Chordiant Sticks with Financial-Services Vertical

"We've seen the huge cost of taking out-of-the-box, data-driven applications and trying to break them to fit business needs -- that's what has caused the CRM industry to have a bit of a black eye right now."

The Chordiant (Nasdaq: CHRD) 5 Selling and Servicing suite aims to help enterprises like retail banks market and sell through servicing existing customers. Chordiant is staying close to its tried-and-true vertical expertise, according to senior vice president of marketing David Straus.

The company has had strong success in the financial-services market, and that is where it continues to focus. "If you're not in retail banking, insurance, or credit, you're not our prime customer," Straus told CRM Buyer Magazine.

"If you think about a retail outlet like Best Buy," Straus said, "you see that people typically don't go there for service." Thus, Chordiant's primary goal is to provide exceptional service at the lowest cost to the customers they already have. Another is to use every servicing opportunity to accomplish marketing, cross-selling and up-selling.

Taking the Industry Pulse

Through its Industry Pulse program, Straus said, Chordiant visits bank branches and calls contact centers to understand the challenges facing the enterprises it serves. Customers working with bank tellers who have no idea that same customer has been calling a phone representative get frustrated easily and frequently, he said.

For example, Straus tells of one time when a bank employee had no idea what marketing offer had been sent to a customer via direct mail and seemed to have no way to find out. "That person actually said to the customer, 'I suggest you wait for the next mailer and bring it in to us,'" he recounted.
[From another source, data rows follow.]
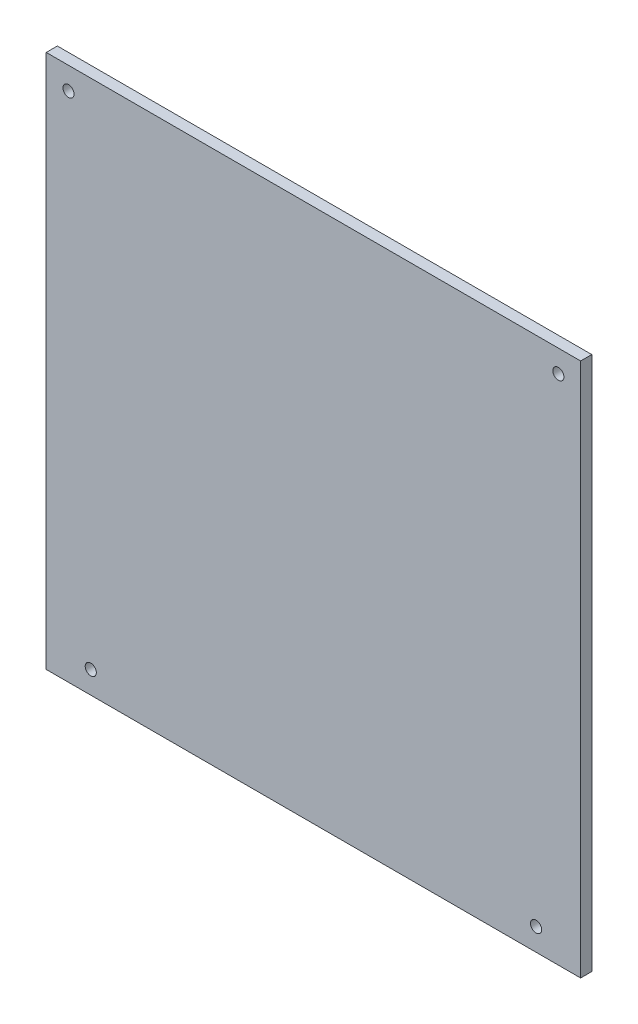
ISO-10303-21;
HEADER;
FILE_DESCRIPTION(('STEP AP214'),'2;1');
FILE_NAME('part.step','',(''),(''),'','','');
FILE_SCHEMA(('AUTOMOTIVE_DESIGN { 1 0 10303 214 1 1 1 1 }'));
ENDSEC;
DATA;
#1=APPLICATION_CONTEXT('core data for automotive mechanical design processes');
#2=APPLICATION_PROTOCOL_DEFINITION('international standard','automotive_design',2000,#1);
#3=PRODUCT_CONTEXT('',#1,'mechanical');
#4=PRODUCT('Part','Part','',(#3));
#5=PRODUCT_RELATED_PRODUCT_CATEGORY('part','',(#4));
#6=PRODUCT_DEFINITION_FORMATION('','',#4);
#7=PRODUCT_DEFINITION_CONTEXT('part definition',#1,'design');
#8=PRODUCT_DEFINITION('design','',#6,#7);
#9=PRODUCT_DEFINITION_SHAPE('','',#8);
#10=(LENGTH_UNIT() NAMED_UNIT(*) SI_UNIT(.MILLI.,.METRE.));
#11=(NAMED_UNIT(*) PLANE_ANGLE_UNIT() SI_UNIT($,.RADIAN.));
#12=(NAMED_UNIT(*) SI_UNIT($,.STERADIAN.) SOLID_ANGLE_UNIT());
#13=UNCERTAINTY_MEASURE_WITH_UNIT(LENGTH_MEASURE(1.E-05),#10,'distance_accuracy_value','');
#14=(GEOMETRIC_REPRESENTATION_CONTEXT(3) GLOBAL_UNCERTAINTY_ASSIGNED_CONTEXT((#13)) GLOBAL_UNIT_ASSIGNED_CONTEXT((#10,
#11,#12)) REPRESENTATION_CONTEXT('',''));
#15=CARTESIAN_POINT('',(0.,0.,0.));
#16=DIRECTION('',(0.,0.,1.));
#17=DIRECTION('',(1.,0.,0.));
#18=AXIS2_PLACEMENT_3D('',#15,#16,#17);
#19=CARTESIAN_POINT('',(0.,0.,6.35));
#20=DIRECTION('',(0.,0.,-1.));
#21=DIRECTION('',(-1.,0.,0.));
#22=AXIS2_PLACEMENT_3D('',#19,#20,#21);
#23=PLANE('',#22);
#24=DIRECTION('',(0.,1.,0.));
#25=VECTOR('',#24,1.);
#26=CARTESIAN_POINT('',(152.4,-152.4,6.35));
#27=LINE('',#26,#25);
#28=CARTESIAN_POINT('',(152.4,-152.4,6.35));
#29=VERTEX_POINT('',#28);
#30=CARTESIAN_POINT('',(152.4,152.4,6.35));
#31=VERTEX_POINT('',#30);
#32=EDGE_CURVE('E87',#29,#31,#27,.T.);
#33=ORIENTED_EDGE('',*,*,#32,.T.);
#34=DIRECTION('',(-1.,0.,0.));
#35=VECTOR('',#34,1.);
#36=CARTESIAN_POINT('',(-152.4,152.4,6.35));
#37=LINE('',#36,#35);
#38=CARTESIAN_POINT('',(-152.4,152.4,6.35));
#39=VERTEX_POINT('',#38);
#40=EDGE_CURVE('E82',#31,#39,#37,.T.);
#41=ORIENTED_EDGE('',*,*,#40,.T.);
#42=DIRECTION('',(0.,-1.,0.));
#43=VECTOR('',#42,1.);
#44=CARTESIAN_POINT('',(-152.4,-152.4,6.35));
#45=LINE('',#44,#43);
#46=CARTESIAN_POINT('',(-152.4,-152.4,6.35));
#47=VERTEX_POINT('',#46);
#48=EDGE_CURVE('E85',#39,#47,#45,.T.);
#49=ORIENTED_EDGE('',*,*,#48,.T.);
#50=DIRECTION('',(1.,0.,0.));
#51=VECTOR('',#50,1.);
#52=CARTESIAN_POINT('',(-152.4,-152.4,6.35));
#53=LINE('',#52,#51);
#54=EDGE_CURVE('E52',#47,#29,#53,.T.);
#55=ORIENTED_EDGE('',*,*,#54,.T.);
#56=EDGE_LOOP('',(#33,#41,#49,#55));
#57=FACE_BOUND('',#56,.T.);
#58=CARTESIAN_POINT('',(139.7,139.7,6.35));
#59=DIRECTION('',(0.,0.,1.));
#60=DIRECTION('',(1.,0.,0.));
#61=AXIS2_PLACEMENT_3D('',#58,#59,#60);
#62=CIRCLE('',#61,3.17499999999997);
#63=CARTESIAN_POINT('',(142.875,139.7,6.35));
#64=VERTEX_POINT('',#63);
#65=EDGE_CURVE('E102',#64,#64,#62,.T.);
#66=ORIENTED_EDGE('',*,*,#65,.F.);
#67=EDGE_LOOP('',(#66));
#68=FACE_BOUND('',#67,.T.);
#69=CARTESIAN_POINT('',(-139.7,139.7,6.35));
#70=DIRECTION('',(0.,0.,1.));
#71=DIRECTION('',(1.,0.,0.));
#72=AXIS2_PLACEMENT_3D('',#69,#70,#71);
#73=CIRCLE('',#72,3.175);
#74=CARTESIAN_POINT('',(-136.525,139.7,6.35));
#75=VERTEX_POINT('',#74);
#76=EDGE_CURVE('E117',#75,#75,#73,.T.);
#77=ORIENTED_EDGE('',*,*,#76,.F.);
#78=EDGE_LOOP('',(#77));
#79=FACE_BOUND('',#78,.T.);
#80=CARTESIAN_POINT('',(127.,-139.7,6.35));
#81=DIRECTION('',(0.,0.,1.));
#82=DIRECTION('',(1.,0.,0.));
#83=AXIS2_PLACEMENT_3D('',#80,#81,#82);
#84=CIRCLE('',#83,3.17499999999997);
#85=CARTESIAN_POINT('',(130.175,-139.7,6.35));
#86=VERTEX_POINT('',#85);
#87=EDGE_CURVE('E123',#86,#86,#84,.T.);
#88=ORIENTED_EDGE('',*,*,#87,.F.);
#89=EDGE_LOOP('',(#88));
#90=FACE_BOUND('',#89,.T.);
#91=CARTESIAN_POINT('',(-127.,-139.7,6.35));
#92=DIRECTION('',(0.,0.,1.));
#93=DIRECTION('',(1.,0.,0.));
#94=AXIS2_PLACEMENT_3D('',#91,#92,#93);
#95=CIRCLE('',#94,3.17499999999997);
#96=CARTESIAN_POINT('',(-123.825,-139.7,6.35));
#97=VERTEX_POINT('',#96);
#98=EDGE_CURVE('E129',#97,#97,#95,.T.);
#99=ORIENTED_EDGE('',*,*,#98,.F.);
#100=EDGE_LOOP('',(#99));
#101=FACE_BOUND('',#100,.T.);
#102=ADVANCED_FACE('F35',(#57,#68,#79,#90,#101),#23,.F.);
#103=CARTESIAN_POINT('',(0.,0.,0.));
#104=DIRECTION('',(0.,0.,-1.));
#105=DIRECTION('',(-1.,0.,0.));
#106=AXIS2_PLACEMENT_3D('',#103,#104,#105);
#107=PLANE('',#106);
#108=CARTESIAN_POINT('',(127.,-139.7,0.));
#109=DIRECTION('',(0.,0.,1.));
#110=DIRECTION('',(1.,0.,0.));
#111=AXIS2_PLACEMENT_3D('',#108,#109,#110);
#112=CIRCLE('',#111,3.17499999999997);
#113=CARTESIAN_POINT('',(130.175,-139.7,0.));
#114=VERTEX_POINT('',#113);
#115=EDGE_CURVE('E126',#114,#114,#112,.T.);
#116=ORIENTED_EDGE('',*,*,#115,.T.);
#117=EDGE_LOOP('',(#116));
#118=FACE_BOUND('',#117,.T.);
#119=CARTESIAN_POINT('',(139.7,139.7,0.));
#120=DIRECTION('',(0.,0.,1.));
#121=DIRECTION('',(1.,0.,0.));
#122=AXIS2_PLACEMENT_3D('',#119,#120,#121);
#123=CIRCLE('',#122,3.17499999999997);
#124=CARTESIAN_POINT('',(142.875,139.7,0.));
#125=VERTEX_POINT('',#124);
#126=EDGE_CURVE('E114',#125,#125,#123,.T.);
#127=ORIENTED_EDGE('',*,*,#126,.T.);
#128=EDGE_LOOP('',(#127));
#129=FACE_BOUND('',#128,.T.);
#130=DIRECTION('',(0.,1.,0.));
#131=VECTOR('',#130,1.);
#132=CARTESIAN_POINT('',(152.4,-152.4,0.));
#133=LINE('',#132,#131);
#134=CARTESIAN_POINT('',(152.4,-152.4,0.));
#135=VERTEX_POINT('',#134);
#136=CARTESIAN_POINT('',(152.4,152.4,0.));
#137=VERTEX_POINT('',#136);
#138=EDGE_CURVE('E99',#135,#137,#133,.T.);
#139=ORIENTED_EDGE('',*,*,#138,.F.);
#140=DIRECTION('',(1.,0.,0.));
#141=VECTOR('',#140,1.);
#142=CARTESIAN_POINT('',(-152.4,-152.4,0.));
#143=LINE('',#142,#141);
#144=CARTESIAN_POINT('',(-152.4,-152.4,0.));
#145=VERTEX_POINT('',#144);
#146=EDGE_CURVE('E75',#145,#135,#143,.T.);
#147=ORIENTED_EDGE('',*,*,#146,.F.);
#148=DIRECTION('',(0.,-1.,0.));
#149=VECTOR('',#148,1.);
#150=CARTESIAN_POINT('',(-152.4,-152.4,0.));
#151=LINE('',#150,#149);
#152=CARTESIAN_POINT('',(-152.4,152.4,0.));
#153=VERTEX_POINT('',#152);
#154=EDGE_CURVE('E69',#153,#145,#151,.T.);
#155=ORIENTED_EDGE('',*,*,#154,.F.);
#156=DIRECTION('',(-1.,0.,0.));
#157=VECTOR('',#156,1.);
#158=CARTESIAN_POINT('',(-152.4,152.4,0.));
#159=LINE('',#158,#157);
#160=EDGE_CURVE('E91',#137,#153,#159,.T.);
#161=ORIENTED_EDGE('',*,*,#160,.F.);
#162=EDGE_LOOP('',(#139,#147,#155,#161));
#163=FACE_BOUND('',#162,.T.);
#164=CARTESIAN_POINT('',(-139.7,139.7,0.));
#165=DIRECTION('',(0.,0.,1.));
#166=DIRECTION('',(1.,0.,0.));
#167=AXIS2_PLACEMENT_3D('',#164,#165,#166);
#168=CIRCLE('',#167,3.175);
#169=CARTESIAN_POINT('',(-136.525,139.7,0.));
#170=VERTEX_POINT('',#169);
#171=EDGE_CURVE('E120',#170,#170,#168,.T.);
#172=ORIENTED_EDGE('',*,*,#171,.T.);
#173=EDGE_LOOP('',(#172));
#174=FACE_BOUND('',#173,.T.);
#175=CARTESIAN_POINT('',(-127.,-139.7,0.));
#176=DIRECTION('',(0.,0.,1.));
#177=DIRECTION('',(1.,0.,0.));
#178=AXIS2_PLACEMENT_3D('',#175,#176,#177);
#179=CIRCLE('',#178,3.17499999999997);
#180=CARTESIAN_POINT('',(-123.825,-139.7,0.));
#181=VERTEX_POINT('',#180);
#182=EDGE_CURVE('E132',#181,#181,#179,.T.);
#183=ORIENTED_EDGE('',*,*,#182,.T.);
#184=EDGE_LOOP('',(#183));
#185=FACE_BOUND('',#184,.T.);
#186=ADVANCED_FACE('F110',(#118,#129,#163,#174,#185),#107,.T.);
#187=CARTESIAN_POINT('',(152.4,-152.4,6.35));
#188=DIRECTION('',(-1.,0.,0.));
#189=DIRECTION('',(0.,0.,1.));
#190=AXIS2_PLACEMENT_3D('',#187,#188,#189);
#191=PLANE('',#190);
#192=ORIENTED_EDGE('',*,*,#138,.T.);
#193=DIRECTION('',(0.,0.,-1.));
#194=VECTOR('',#193,1.);
#195=CARTESIAN_POINT('',(152.4,152.4,6.35));
#196=LINE('',#195,#194);
#197=EDGE_CURVE('E11',#31,#137,#196,.T.);
#198=ORIENTED_EDGE('',*,*,#197,.F.);
#199=ORIENTED_EDGE('',*,*,#32,.F.);
#200=DIRECTION('',(0.,0.,-1.));
#201=VECTOR('',#200,1.);
#202=CARTESIAN_POINT('',(152.4,-152.4,6.35));
#203=LINE('',#202,#201);
#204=EDGE_CURVE('E95',#29,#135,#203,.T.);
#205=ORIENTED_EDGE('',*,*,#204,.T.);
#206=EDGE_LOOP('',(#192,#198,#199,#205));
#207=FACE_BOUND('',#206,.T.);
#208=ADVANCED_FACE('F37',(#207),#191,.F.);
#209=CARTESIAN_POINT('',(-152.4,152.4,6.35));
#210=DIRECTION('',(0.,-1.,0.));
#211=DIRECTION('',(0.,0.,-1.));
#212=AXIS2_PLACEMENT_3D('',#209,#210,#211);
#213=PLANE('',#212);
#214=ORIENTED_EDGE('',*,*,#160,.T.);
#215=DIRECTION('',(0.,0.,-1.));
#216=VECTOR('',#215,1.);
#217=CARTESIAN_POINT('',(-152.4,152.4,6.35));
#218=LINE('',#217,#216);
#219=EDGE_CURVE('E44',#39,#153,#218,.T.);
#220=ORIENTED_EDGE('',*,*,#219,.F.);
#221=ORIENTED_EDGE('',*,*,#40,.F.);
#222=ORIENTED_EDGE('',*,*,#197,.T.);
#223=EDGE_LOOP('',(#214,#220,#221,#222));
#224=FACE_BOUND('',#223,.T.);
#225=ADVANCED_FACE('F90',(#224),#213,.F.);
#226=CARTESIAN_POINT('',(-152.4,-152.4,6.35));
#227=DIRECTION('',(1.,0.,0.));
#228=DIRECTION('',(0.,0.,-1.));
#229=AXIS2_PLACEMENT_3D('',#226,#227,#228);
#230=PLANE('',#229);
#231=ORIENTED_EDGE('',*,*,#154,.T.);
#232=DIRECTION('',(0.,0.,-1.));
#233=VECTOR('',#232,1.);
#234=CARTESIAN_POINT('',(-152.4,-152.4,6.35));
#235=LINE('',#234,#233);
#236=EDGE_CURVE('E92',#47,#145,#235,.T.);
#237=ORIENTED_EDGE('',*,*,#236,.F.);
#238=ORIENTED_EDGE('',*,*,#48,.F.);
#239=ORIENTED_EDGE('',*,*,#219,.T.);
#240=EDGE_LOOP('',(#231,#237,#238,#239));
#241=FACE_BOUND('',#240,.T.);
#242=ADVANCED_FACE('F93',(#241),#230,.F.);
#243=CARTESIAN_POINT('',(-152.4,-152.4,6.35));
#244=DIRECTION('',(0.,1.,0.));
#245=DIRECTION('',(0.,0.,1.));
#246=AXIS2_PLACEMENT_3D('',#243,#244,#245);
#247=PLANE('',#246);
#248=ORIENTED_EDGE('',*,*,#146,.T.);
#249=ORIENTED_EDGE('',*,*,#204,.F.);
#250=ORIENTED_EDGE('',*,*,#54,.F.);
#251=ORIENTED_EDGE('',*,*,#236,.T.);
#252=EDGE_LOOP('',(#248,#249,#250,#251));
#253=FACE_BOUND('',#252,.T.);
#254=ADVANCED_FACE('F107',(#253),#247,.F.);
#255=CARTESIAN_POINT('',(139.7,139.7,6.35));
#256=DIRECTION('',(0.,0.,-1.));
#257=DIRECTION('',(-1.,0.,0.));
#258=AXIS2_PLACEMENT_3D('',#255,#256,#257);
#259=CYLINDRICAL_SURFACE('',#258,3.17499999999997);
#260=ORIENTED_EDGE('',*,*,#65,.T.);
#261=EDGE_LOOP('',(#260));
#262=FACE_BOUND('',#261,.T.);
#263=ORIENTED_EDGE('',*,*,#126,.F.);
#264=EDGE_LOOP('',(#263));
#265=FACE_BOUND('',#264,.T.);
#266=ADVANCED_FACE('F149',(#262,#265),#259,.F.);
#267=CARTESIAN_POINT('',(-139.7,139.7,6.35));
#268=DIRECTION('',(0.,0.,-1.));
#269=DIRECTION('',(-1.,0.,0.));
#270=AXIS2_PLACEMENT_3D('',#267,#268,#269);
#271=CYLINDRICAL_SURFACE('',#270,3.175);
#272=ORIENTED_EDGE('',*,*,#76,.T.);
#273=EDGE_LOOP('',(#272));
#274=FACE_BOUND('',#273,.T.);
#275=ORIENTED_EDGE('',*,*,#171,.F.);
#276=EDGE_LOOP('',(#275));
#277=FACE_BOUND('',#276,.T.);
#278=ADVANCED_FACE('F195',(#274,#277),#271,.F.);
#279=CARTESIAN_POINT('',(127.,-139.7,6.35));
#280=DIRECTION('',(0.,0.,-1.));
#281=DIRECTION('',(-1.,0.,0.));
#282=AXIS2_PLACEMENT_3D('',#279,#280,#281);
#283=CYLINDRICAL_SURFACE('',#282,3.17499999999997);
#284=ORIENTED_EDGE('',*,*,#87,.T.);
#285=EDGE_LOOP('',(#284));
#286=FACE_BOUND('',#285,.T.);
#287=ORIENTED_EDGE('',*,*,#115,.F.);
#288=EDGE_LOOP('',(#287));
#289=FACE_BOUND('',#288,.T.);
#290=ADVANCED_FACE('F203',(#286,#289),#283,.F.);
#291=CARTESIAN_POINT('',(-127.,-139.7,6.35));
#292=DIRECTION('',(0.,0.,-1.));
#293=DIRECTION('',(-1.,0.,0.));
#294=AXIS2_PLACEMENT_3D('',#291,#292,#293);
#295=CYLINDRICAL_SURFACE('',#294,3.17499999999997);
#296=ORIENTED_EDGE('',*,*,#98,.T.);
#297=EDGE_LOOP('',(#296));
#298=FACE_BOUND('',#297,.T.);
#299=ORIENTED_EDGE('',*,*,#182,.F.);
#300=EDGE_LOOP('',(#299));
#301=FACE_BOUND('',#300,.T.);
#302=ADVANCED_FACE('F138',(#298,#301),#295,.F.);
#303=CLOSED_SHELL('',(#102,#186,#208,#225,#242,#254,#266,#278,#290,#302));
#304=MANIFOLD_SOLID_BREP('B2',#303);
#305=ADVANCED_BREP_SHAPE_REPRESENTATION('',(#18,#304),#14);
#306=SHAPE_DEFINITION_REPRESENTATION(#9,#305);
ENDSEC;
END-ISO-10303-21;

These are the types of situations that Straus said Chordiant software's "single view of the customer" can help avoid.

Universal Desktop

Like many CRM vendors, Chordiant emphasizes the fact that users of its software interact with a single, universal desktop that incorporates role-based security. "We implemented at one customer site that had 17 different systems that wealth advisors had to toggle through," Straus noted. "And unlike a company like Siebel, for which you have to implement all Siebel applications, we use the desktop to integrate applications and data from other systems."

Banks and other financial services institutions have, in many cases, over 30 years of computing experience under their belts. Straus pointed out. As large enterprises with many layers of legacy, mainframe-based systems, they cannot afford wholesale conversions to accomplish CRM project goals.

Process Runs the Show

The selling point Straus emphasizes most to business-side executives at prospective customer companies is that Chordiant software is process-driven rather than data-driven. "This goes back to the founder of the company, who believe that applications should be built around processes, profiles and policies," he said. "We've seen the huge cost of taking out-of-the-box, data-driven applications and trying to break them to fit business needs -- that's what has caused the CRM industry to have a bit of a black eye right now."

To executives on the IT side, Straus emphasizes that Chordiant Selling and Servicing is built on "Web services, inside and outside." He likes to remind people that Chordiant went with a distributed computing platform, Java, and Web services early in the CRM game -- taking a risk on what was then a unique technical direction.

"We could have been wrong," he mused. "The whole world could have moved in a different direction. But now, that Java-based Web-services technology is becoming very meaningful."